T

he security risks advanced by President Trump to justify an annexation of Greenland are mistaken and exaggerated. Case in point: It was off the coast of Alaska [the 49th US state] – and not Greenland – that five Chinese icebreakers were deployed last year.

Nevertheless, the risks are not nonexistent. Russia has raised concerns with its hybrid threats, while Sino-Russian cooperation is developing in the Arctic along the Northern Sea Route. But none of this justifies the United States to annex Greenland, given that the US already holds the Pituffik military base under the 1951 agreement with Denmark. Moreover, the US president has blatantly ignored Denmark's efforts in 2025 to defend Greenland, in agreement with its territorial government, with the total amount of two funding plans in January and October reaching close to €6 billion.

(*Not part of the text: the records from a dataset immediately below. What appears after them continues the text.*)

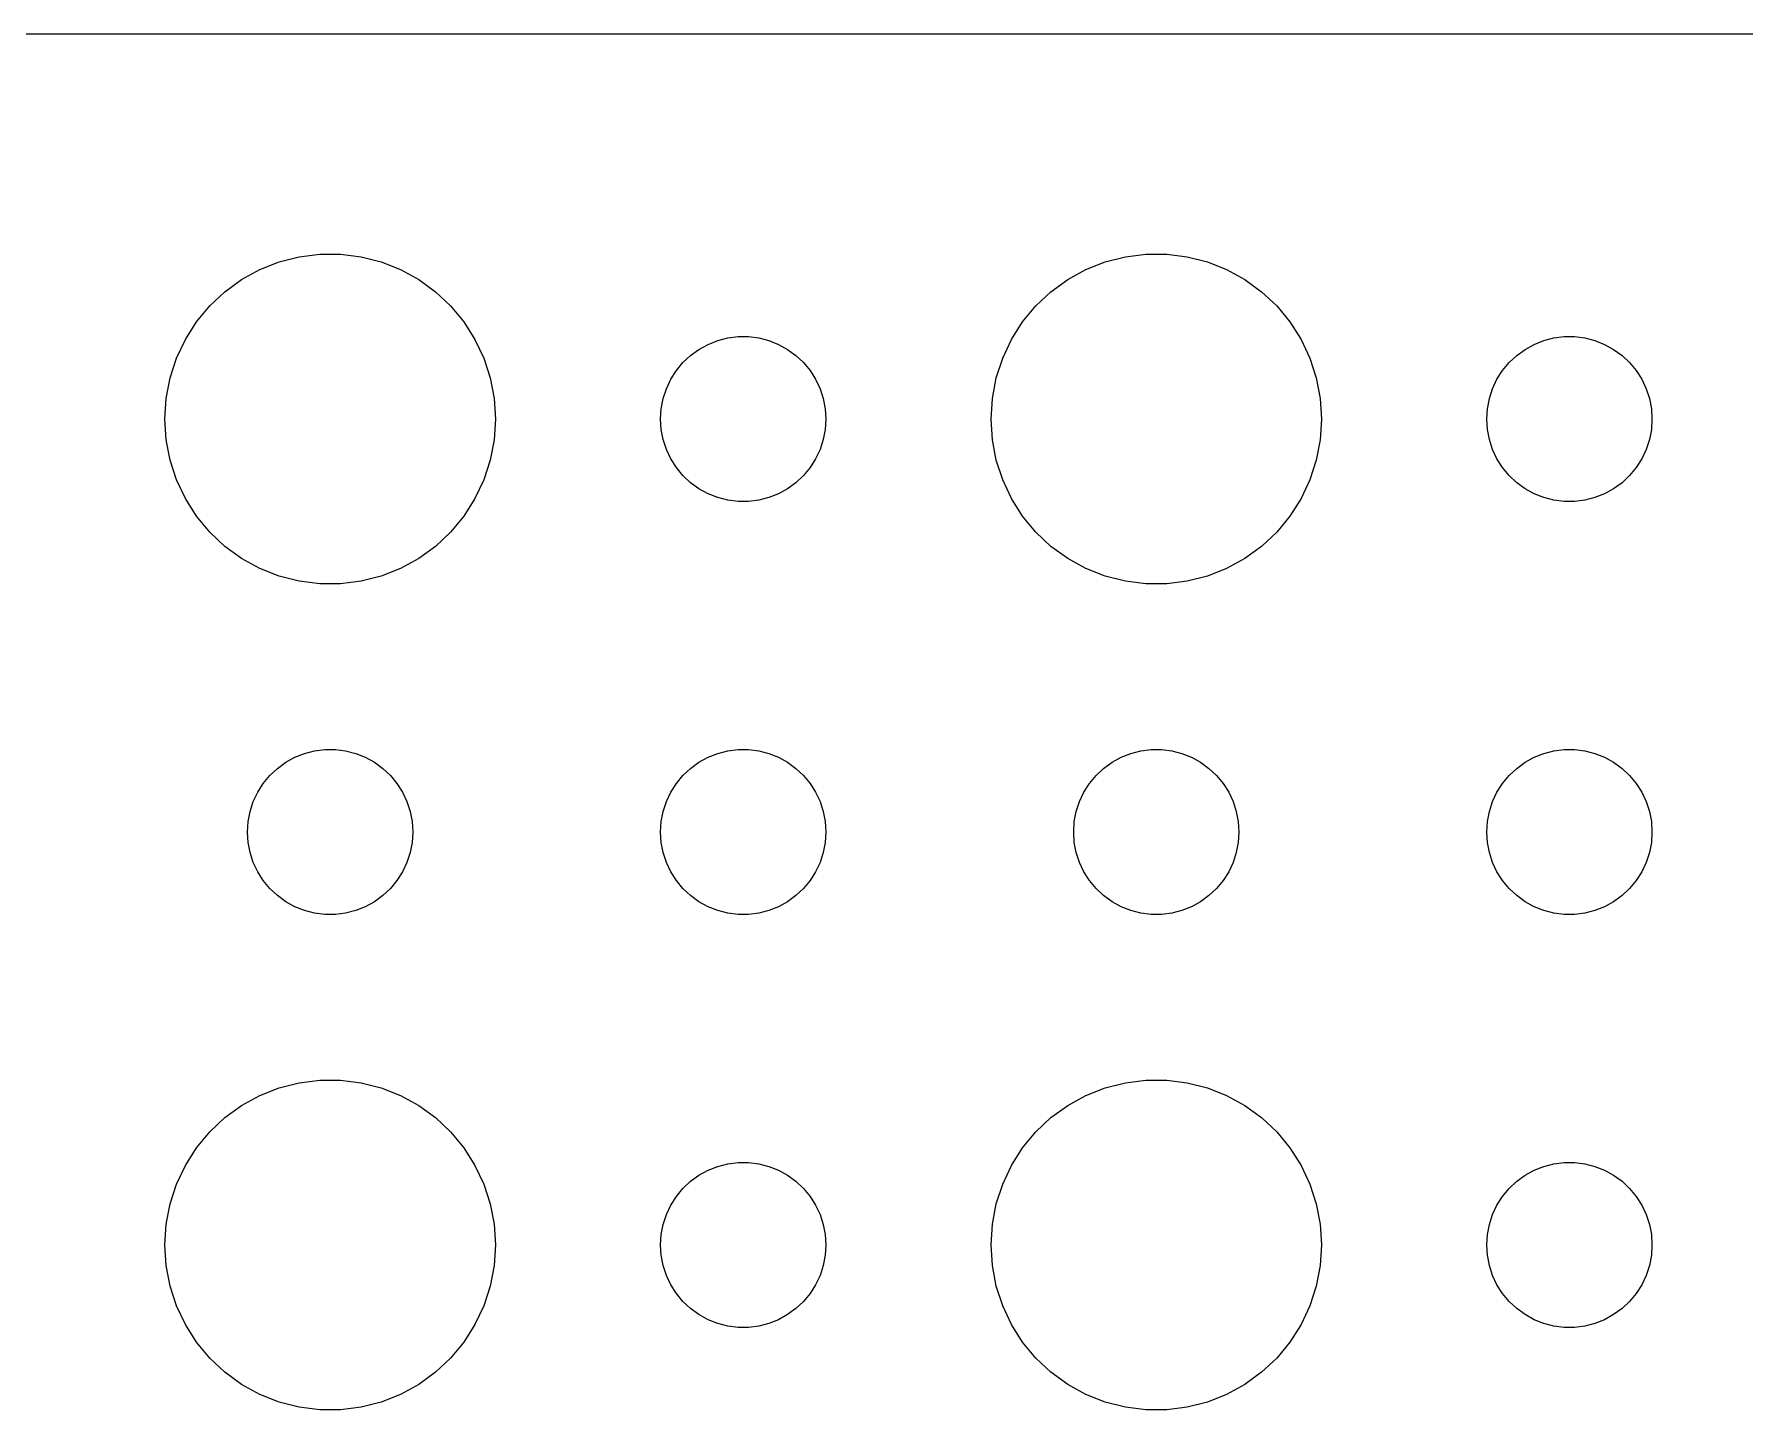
# Model space of a CAD drawing. Header units: metres. Extents: x -134 to 134, y 176 to 508.
# Drawn here: x -102.87 to -71.81, y 369.01 to 393.99 of the extents above; entities that cross this region are included whole.
import ezdxf

# ---------------------------------------------------------------- set-up
doc = ezdxf.new("R2010")
doc.units = ezdxf.units.M

msp = doc.modelspace()

# ---------------------------------------------------------------- linework, layer by layer
for p, q in [((129.814, 393.99), (-129.814, 393.99)), ((-98.7773, 389.714), (-98.427, 389.853)), ((-98.427, 389.853), (-98.0621, 389.947)), ((-98.0621, 389.947), (-97.6884, 389.994)), ((-97.6884, 389.994), (-97.3116, 389.994)), ((-97.3116, 389.994), (-96.9379, 389.947)), ((-96.9379, 389.947), (-96.573, 389.853)), ((-96.573, 389.853), (-96.2227, 389.714)), ((-83.7773, 389.714), (-83.427, 389.853)), ((-83.427, 389.853), (-83.0621, 389.947)), ((-83.0621, 389.947), (-82.6884, 389.994)), ((-82.6884, 389.994), (-82.3116, 389.994)), ((-82.3116, 389.994), (-81.9379, 389.947)), ((-81.9379, 389.947), (-81.573, 389.853)), ((-81.573, 389.853), (-81.2227, 389.714)), ((-99.4123, 389.312), (-99.1075, 389.533)), ((-99.1075, 389.533), (-98.7773, 389.714)), ((-96.2227, 389.714), (-95.8925, 389.533)), ((-95.8925, 389.533), (-95.5877, 389.312)), ((-84.4123, 389.312), (-84.1075, 389.533)), ((-84.1075, 389.533), (-83.7773, 389.714)), ((-81.2227, 389.714), (-80.8925, 389.533)), ((-80.8925, 389.533), (-80.5877, 389.312)), ((-99.6869, 389.054), (-99.4123, 389.312)), ((-95.5877, 389.312), (-95.3131, 389.054)), ((-84.6869, 389.054), (-84.4123, 389.312)), ((-80.5877, 389.312), (-80.3131, 389.054)), ((-99.927, 388.763), (-99.6869, 389.054)), ((-95.3131, 389.054), (-95.073, 388.763)), ((-84.927, 388.763), (-84.6869, 389.054)), ((-80.3131, 389.054), (-80.073, 388.763)), ((-100.129, 388.445), (-99.927, 388.763)), ((-95.073, 388.763), (-94.8711, 388.445)), ((-85.1289, 388.445), (-84.927, 388.763)), ((-80.073, 388.763), (-79.8711, 388.445)), ((-100.289, 388.104), (-100.129, 388.445)), ((-94.8711, 388.445), (-94.7107, 388.104)), ((-90.9561, 388.156), (-90.8037, 388.266)), ((-90.8037, 388.266), (-90.6387, 388.357)), ((-90.6387, 388.357), (-90.4635, 388.427)), ((-90.4635, 388.427), (-90.2811, 388.473)), ((-90.2811, 388.473), (-90.0942, 388.497)), ((-90.0942, 388.497), (-89.9058, 388.497)), ((-89.9058, 388.497), (-89.7189, 388.473)), ((-89.7189, 388.473), (-89.5365, 388.427)), ((-89.5365, 388.427), (-89.3613, 388.357)), ((-89.3613, 388.357), (-89.1963, 388.266)), ((-89.1963, 388.266), (-89.0439, 388.156)), ((-85.2893, 388.104), (-85.1289, 388.445)), ((-79.8711, 388.445), (-79.7107, 388.104)), ((-75.9561, 388.156), (-75.8037, 388.266)), ((-75.8037, 388.266), (-75.6387, 388.357)), ((-75.6387, 388.357), (-75.4635, 388.427)), ((-75.4635, 388.427), (-75.2811, 388.473)), ((-75.2811, 388.473), (-75.0942, 388.497)), ((-75.0942, 388.497), (-74.9058, 388.497)), ((-74.9058, 388.497), (-74.7189, 388.473)), ((-74.7189, 388.473), (-74.5365, 388.427)), ((-74.5365, 388.427), (-74.3613, 388.357)), ((-74.3613, 388.357), (-74.1963, 388.266)), ((-74.1963, 388.266), (-74.0439, 388.156)), ((-100.406, 387.746), (-100.289, 388.104)), ((-94.7107, 388.104), (-94.5943, 387.746)), ((-91.2135, 387.882), (-91.0934, 388.027)), ((-91.0934, 388.027), (-90.9561, 388.156)), ((-89.0439, 388.156), (-88.9065, 388.027)), ((-88.9065, 388.027), (-88.7865, 387.882)), ((-85.4057, 387.746), (-85.2893, 388.104)), ((-79.7107, 388.104), (-79.5943, 387.746)), ((-76.2135, 387.882), (-76.0934, 388.027)), ((-76.0934, 388.027), (-75.9561, 388.156)), ((-74.0439, 388.156), (-73.9065, 388.027)), ((-73.9065, 388.027), (-73.7865, 387.882)), ((-100.476, 387.376), (-100.406, 387.746)), ((-94.5943, 387.746), (-94.5237, 387.376)), ((-91.3947, 387.552), (-91.3145, 387.723)), ((-91.3145, 387.723), (-91.2135, 387.882)), ((-88.7865, 387.882), (-88.6855, 387.723)), ((-88.6855, 387.723), (-88.6053, 387.552)), ((-85.4763, 387.376), (-85.4057, 387.746)), ((-79.5943, 387.746), (-79.5237, 387.376)), ((-76.3947, 387.552), (-76.3145, 387.723)), ((-76.3145, 387.723), (-76.2135, 387.882)), ((-73.7865, 387.882), (-73.6855, 387.723)), ((-73.6855, 387.723), (-73.6053, 387.552)), ((-100.5, 387), (-100.476, 387.376)), ((-94.5237, 387.376), (-94.5, 387)), ((-91.4882, 387.188), (-91.4529, 387.373)), ((-91.4529, 387.373), (-91.3947, 387.552)), ((-88.6053, 387.552), (-88.5471, 387.373)), ((-88.5471, 387.373), (-88.5118, 387.188)), ((-85.5, 387), (-85.4763, 387.376)), ((-79.5237, 387.376), (-79.5, 387)), ((-76.4882, 387.188), (-76.4529, 387.373)), ((-76.4529, 387.373), (-76.3947, 387.552)), ((-73.6053, 387.552), (-73.5471, 387.373)), ((-73.5471, 387.373), (-73.5118, 387.188)), ((-100.476, 386.624), (-100.5, 387)), ((-94.5, 387), (-94.5237, 386.624)), ((-91.5, 387), (-91.4882, 387.188)), ((-91.4882, 386.812), (-91.5, 387)), ((-88.5118, 387.188), (-88.5, 387)), ((-88.5, 387), (-88.5118, 386.812)), ((-85.4763, 386.624), (-85.5, 387)), ((-79.5, 387), (-79.5237, 386.624)), ((-76.5, 387), (-76.4882, 387.188)), ((-76.4882, 386.812), (-76.5, 387)), ((-73.5118, 387.188), (-73.5, 387)), ((-73.5, 387), (-73.5118, 386.812)), ((-91.4529, 386.627), (-91.4882, 386.812)), ((-88.5118, 386.812), (-88.5471, 386.627)), ((-76.4529, 386.627), (-76.4882, 386.812)), ((-73.5118, 386.812), (-73.5471, 386.627)), ((-100.406, 386.254), (-100.476, 386.624)), ((-94.5237, 386.624), (-94.5943, 386.254)), ((-91.3947, 386.448), (-91.4529, 386.627)), ((-91.3145, 386.277), (-91.3947, 386.448)), ((-88.6053, 386.448), (-88.6855, 386.277)), ((-88.5471, 386.627), (-88.6053, 386.448)), ((-85.4057, 386.254), (-85.4763, 386.624)), ((-79.5237, 386.624), (-79.5943, 386.254)), ((-76.3947, 386.448), (-76.4529, 386.627)), ((-76.3145, 386.277), (-76.3947, 386.448)), ((-73.6053, 386.448), (-73.6855, 386.277)), ((-73.5471, 386.627), (-73.6053, 386.448)), ((-100.289, 385.896), (-100.406, 386.254)), ((-94.5943, 386.254), (-94.7107, 385.896)), ((-91.2135, 386.118), (-91.3145, 386.277)), ((-91.0934, 385.973), (-91.2135, 386.118)), ((-88.7865, 386.118), (-88.9065, 385.973)), ((-88.6855, 386.277), (-88.7865, 386.118)), ((-85.2893, 385.896), (-85.4057, 386.254)), ((-79.5943, 386.254), (-79.7107, 385.896)), ((-76.2135, 386.118), (-76.3145, 386.277)), ((-76.0934, 385.973), (-76.2135, 386.118)), ((-73.7865, 386.118), (-73.9065, 385.973)), ((-73.6855, 386.277), (-73.7865, 386.118)), ((-100.129, 385.555), (-100.289, 385.896)), ((-94.7107, 385.896), (-94.8711, 385.555)), ((-90.9561, 385.844), (-91.0934, 385.973)), ((-90.8037, 385.734), (-90.9561, 385.844)), ((-89.0439, 385.844), (-89.1963, 385.734)), ((-88.9065, 385.973), (-89.0439, 385.844)), ((-85.1289, 385.555), (-85.2893, 385.896)), ((-79.7107, 385.896), (-79.8711, 385.555)), ((-75.9561, 385.844), (-76.0934, 385.973)), ((-75.8037, 385.734), (-75.9561, 385.844)), ((-74.0439, 385.844), (-74.1963, 385.734)), ((-73.9065, 385.973), (-74.0439, 385.844)), ((-99.927, 385.237), (-100.129, 385.555)), ((-94.8711, 385.555), (-95.073, 385.237)), ((-90.6387, 385.643), (-90.8037, 385.734)), ((-90.4635, 385.573), (-90.6387, 385.643)), ((-90.2811, 385.527), (-90.4635, 385.573)), ((-90.0942, 385.503), (-90.2811, 385.527)), ((-89.9058, 385.503), (-90.0942, 385.503)), ((-89.7189, 385.527), (-89.9058, 385.503)), ((-89.5365, 385.573), (-89.7189, 385.527)), ((-89.3613, 385.643), (-89.5365, 385.573)), ((-89.1963, 385.734), (-89.3613, 385.643)), ((-84.927, 385.237), (-85.1289, 385.555)), ((-79.8711, 385.555), (-80.073, 385.237)), ((-75.6387, 385.643), (-75.8037, 385.734)), ((-75.4635, 385.573), (-75.6387, 385.643)), ((-75.2811, 385.527), (-75.4635, 385.573)), ((-75.0942, 385.503), (-75.2811, 385.527)), ((-74.9058, 385.503), (-75.0942, 385.503)), ((-74.7189, 385.527), (-74.9058, 385.503)), ((-74.5365, 385.573), (-74.7189, 385.527)), ((-74.3613, 385.643), (-74.5365, 385.573)), ((-74.1963, 385.734), (-74.3613, 385.643)), ((-99.6869, 384.946), (-99.927, 385.237)), ((-95.073, 385.237), (-95.3131, 384.946)), ((-84.6869, 384.946), (-84.927, 385.237)), ((-80.073, 385.237), (-80.3131, 384.946)), ((-99.4123, 384.688), (-99.6869, 384.946)), ((-95.3131, 384.946), (-95.5877, 384.688)), ((-84.4123, 384.688), (-84.6869, 384.946)), ((-80.3131, 384.946), (-80.5877, 384.688)), ((-99.1075, 384.467), (-99.4123, 384.688)), ((-95.5877, 384.688), (-95.8925, 384.467)), ((-84.1075, 384.467), (-84.4123, 384.688)), ((-80.5877, 384.688), (-80.8925, 384.467)), ((-98.7773, 384.286), (-99.1075, 384.467)), ((-98.427, 384.147), (-98.7773, 384.286)), ((-96.2227, 384.286), (-96.573, 384.147)), ((-95.8925, 384.467), (-96.2227, 384.286)), ((-83.7773, 384.286), (-84.1075, 384.467)), ((-83.427, 384.147), (-83.7773, 384.286)), ((-81.2227, 384.286), (-81.573, 384.147)), ((-80.8925, 384.467), (-81.2227, 384.286)), ((-98.0621, 384.053), (-98.427, 384.147)), ((-97.6884, 384.006), (-98.0621, 384.053)), ((-97.3116, 384.006), (-97.6884, 384.006)), ((-96.9379, 384.053), (-97.3116, 384.006)), ((-96.573, 384.147), (-96.9379, 384.053)), ((-83.0621, 384.053), (-83.427, 384.147)), ((-82.6884, 384.006), (-83.0621, 384.053)), ((-82.3116, 384.006), (-82.6884, 384.006)), ((-81.9379, 384.053), (-82.3116, 384.006)), ((-81.573, 384.147), (-81.9379, 384.053)), ((-98.3037, 380.766), (-98.1387, 380.857)), ((-98.1387, 380.857), (-97.9635, 380.927)), ((-97.9635, 380.927), (-97.7811, 380.973)), ((-97.7811, 380.973), (-97.5942, 380.997)), ((-97.5942, 380.997), (-97.4058, 380.997)), ((-97.4058, 380.997), (-97.2189, 380.973)), ((-97.2189, 380.973), (-97.0365, 380.927)), ((-97.0365, 380.927), (-96.8613, 380.857)), ((-96.8613, 380.857), (-96.6963, 380.766)), ((-90.8037, 380.766), (-90.6387, 380.857)), ((-90.6387, 380.857), (-90.4635, 380.927)), ((-90.4635, 380.927), (-90.2811, 380.973)), ((-90.2811, 380.973), (-90.0942, 380.997)), ((-90.0942, 380.997), (-89.9058, 380.997)), ((-89.9058, 380.997), (-89.7189, 380.973)), ((-89.7189, 380.973), (-89.5365, 380.927)), ((-89.5365, 380.927), (-89.3613, 380.857)), ((-89.3613, 380.857), (-89.1963, 380.766)), ((-83.3037, 380.766), (-83.1387, 380.857)), ((-83.1387, 380.857), (-82.9635, 380.927)), ((-82.9635, 380.927), (-82.7811, 380.973)), ((-82.7811, 380.973), (-82.5942, 380.997)), ((-82.5942, 380.997), (-82.4058, 380.997)), ((-82.4058, 380.997), (-82.2189, 380.973)), ((-82.2189, 380.973), (-82.0365, 380.927)), ((-82.0365, 380.927), (-81.8613, 380.857)), ((-81.8613, 380.857), (-81.6963, 380.766)), ((-75.8037, 380.766), (-75.6387, 380.857)), ((-75.6387, 380.857), (-75.4635, 380.927)), ((-75.4635, 380.927), (-75.2811, 380.973)), ((-75.2811, 380.973), (-75.0942, 380.997)), ((-75.0942, 380.997), (-74.9058, 380.997)), ((-74.9058, 380.997), (-74.7189, 380.973)), ((-74.7189, 380.973), (-74.5365, 380.927)), ((-74.5365, 380.927), (-74.3613, 380.857)), ((-74.3613, 380.857), (-74.1963, 380.766)), ((-98.7135, 380.382), (-98.5934, 380.527)), ((-98.5934, 380.527), (-98.4561, 380.656)), ((-98.4561, 380.656), (-98.3037, 380.766)), ((-96.6963, 380.766), (-96.5439, 380.656)), ((-96.5439, 380.656), (-96.4065, 380.527)), ((-96.4065, 380.527), (-96.2865, 380.382)), ((-91.2135, 380.382), (-91.0934, 380.527)), ((-91.0934, 380.527), (-90.9561, 380.656)), ((-90.9561, 380.656), (-90.8037, 380.766)), ((-89.1963, 380.766), (-89.0439, 380.656)), ((-89.0439, 380.656), (-88.9065, 380.527)), ((-88.9065, 380.527), (-88.7865, 380.382)), ((-83.7135, 380.382), (-83.5934, 380.527)), ((-83.5934, 380.527), (-83.4561, 380.656)), ((-83.4561, 380.656), (-83.3037, 380.766)), ((-81.6963, 380.766), (-81.5439, 380.656)), ((-81.5439, 380.656), (-81.4065, 380.527)), ((-81.4065, 380.527), (-81.2865, 380.382)), ((-76.2135, 380.382), (-76.0934, 380.527)), ((-76.0934, 380.527), (-75.9561, 380.656)), ((-75.9561, 380.656), (-75.8037, 380.766)), ((-74.1963, 380.766), (-74.0439, 380.656)), ((-74.0439, 380.656), (-73.9065, 380.527)), ((-73.9065, 380.527), (-73.7865, 380.382)), ((-98.8947, 380.052), (-98.8145, 380.223)), ((-98.8145, 380.223), (-98.7135, 380.382)), ((-96.2865, 380.382), (-96.1855, 380.223)), ((-96.1855, 380.223), (-96.1053, 380.052)), ((-91.3947, 380.052), (-91.3145, 380.223)), ((-91.3145, 380.223), (-91.2135, 380.382)), ((-88.7865, 380.382), (-88.6855, 380.223)), ((-88.6855, 380.223), (-88.6053, 380.052)), ((-83.8947, 380.052), (-83.8145, 380.223)), ((-83.8145, 380.223), (-83.7135, 380.382)), ((-81.2865, 380.382), (-81.1855, 380.223)), ((-81.1855, 380.223), (-81.1053, 380.052)), ((-76.3947, 380.052), (-76.3145, 380.223)), ((-76.3145, 380.223), (-76.2135, 380.382)), ((-73.7865, 380.382), (-73.6855, 380.223)), ((-73.6855, 380.223), (-73.6053, 380.052)), ((-98.9882, 379.688), (-98.9529, 379.873)), ((-98.9529, 379.873), (-98.8947, 380.052)), ((-96.1053, 380.052), (-96.0471, 379.873)), ((-96.0471, 379.873), (-96.0118, 379.688)), ((-91.4882, 379.688), (-91.4529, 379.873)), ((-91.4529, 379.873), (-91.3947, 380.052)), ((-88.6053, 380.052), (-88.5471, 379.873)), ((-88.5471, 379.873), (-88.5118, 379.688)), ((-83.9882, 379.688), (-83.9529, 379.873)), ((-83.9529, 379.873), (-83.8947, 380.052)), ((-81.1053, 380.052), (-81.0471, 379.873)), ((-81.0471, 379.873), (-81.0118, 379.688)), ((-76.4882, 379.688), (-76.4529, 379.873)), ((-76.4529, 379.873), (-76.3947, 380.052)), ((-73.6053, 380.052), (-73.5471, 379.873)), ((-73.5471, 379.873), (-73.5118, 379.688)), ((-99, 379.5), (-98.9882, 379.688)), ((-96.0118, 379.688), (-96, 379.5)), ((-91.5, 379.5), (-91.4882, 379.688)), ((-88.5118, 379.688), (-88.5, 379.5)), ((-84, 379.5), (-83.9882, 379.688)), ((-81.0118, 379.688), (-81, 379.5)), ((-76.5, 379.5), (-76.4882, 379.688)), ((-73.5118, 379.688), (-73.5, 379.5)), ((-98.9882, 379.312), (-99, 379.5)), ((-98.9529, 379.127), (-98.9882, 379.312)), ((-96.0118, 379.312), (-96.0471, 379.127)), ((-96, 379.5), (-96.0118, 379.312)), ((-91.4882, 379.312), (-91.5, 379.5)), ((-91.4529, 379.127), (-91.4882, 379.312)), ((-88.5118, 379.312), (-88.5471, 379.127)), ((-88.5, 379.5), (-88.5118, 379.312)), ((-83.9882, 379.312), (-84, 379.5)), ((-83.9529, 379.127), (-83.9882, 379.312)), ((-81.0118, 379.312), (-81.0471, 379.127)), ((-81, 379.5), (-81.0118, 379.312)), ((-76.4882, 379.312), (-76.5, 379.5)), ((-76.4529, 379.127), (-76.4882, 379.312)), ((-73.5118, 379.312), (-73.5471, 379.127)), ((-73.5, 379.5), (-73.5118, 379.312)), ((-98.8947, 378.948), (-98.9529, 379.127)), ((-98.8145, 378.777), (-98.8947, 378.948)), ((-96.1053, 378.948), (-96.1855, 378.777)), ((-96.0471, 379.127), (-96.1053, 378.948)), ((-91.3947, 378.948), (-91.4529, 379.127)), ((-91.3145, 378.777), (-91.3947, 378.948)), ((-88.6053, 378.948), (-88.6855, 378.777)), ((-88.5471, 379.127), (-88.6053, 378.948)), ((-83.8947, 378.948), (-83.9529, 379.127)), ((-83.8145, 378.777), (-83.8947, 378.948)), ((-81.1053, 378.948), (-81.1855, 378.777)), ((-81.0471, 379.127), (-81.1053, 378.948)), ((-76.3947, 378.948), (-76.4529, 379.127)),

Paradoxically, it is the US that is becoming the most immediate and serious threat to Greenland. Trump is seeking a territorial trophy for his personal legacy, in an uninhibited form of expansionism made all the more opportunistic by Greenland's reserves of rare earth elements, of which China holds a near-monopoly in extraction and in refining.

Cooperation within the framework of the North Atlantic Treaty Organization (NATO) was suggested in the joint declaration on Greenland that was signed by seven European heads of state and government on January 6. That is but a minimal proposal; to be credible, it has to be accompanied by a strong signal.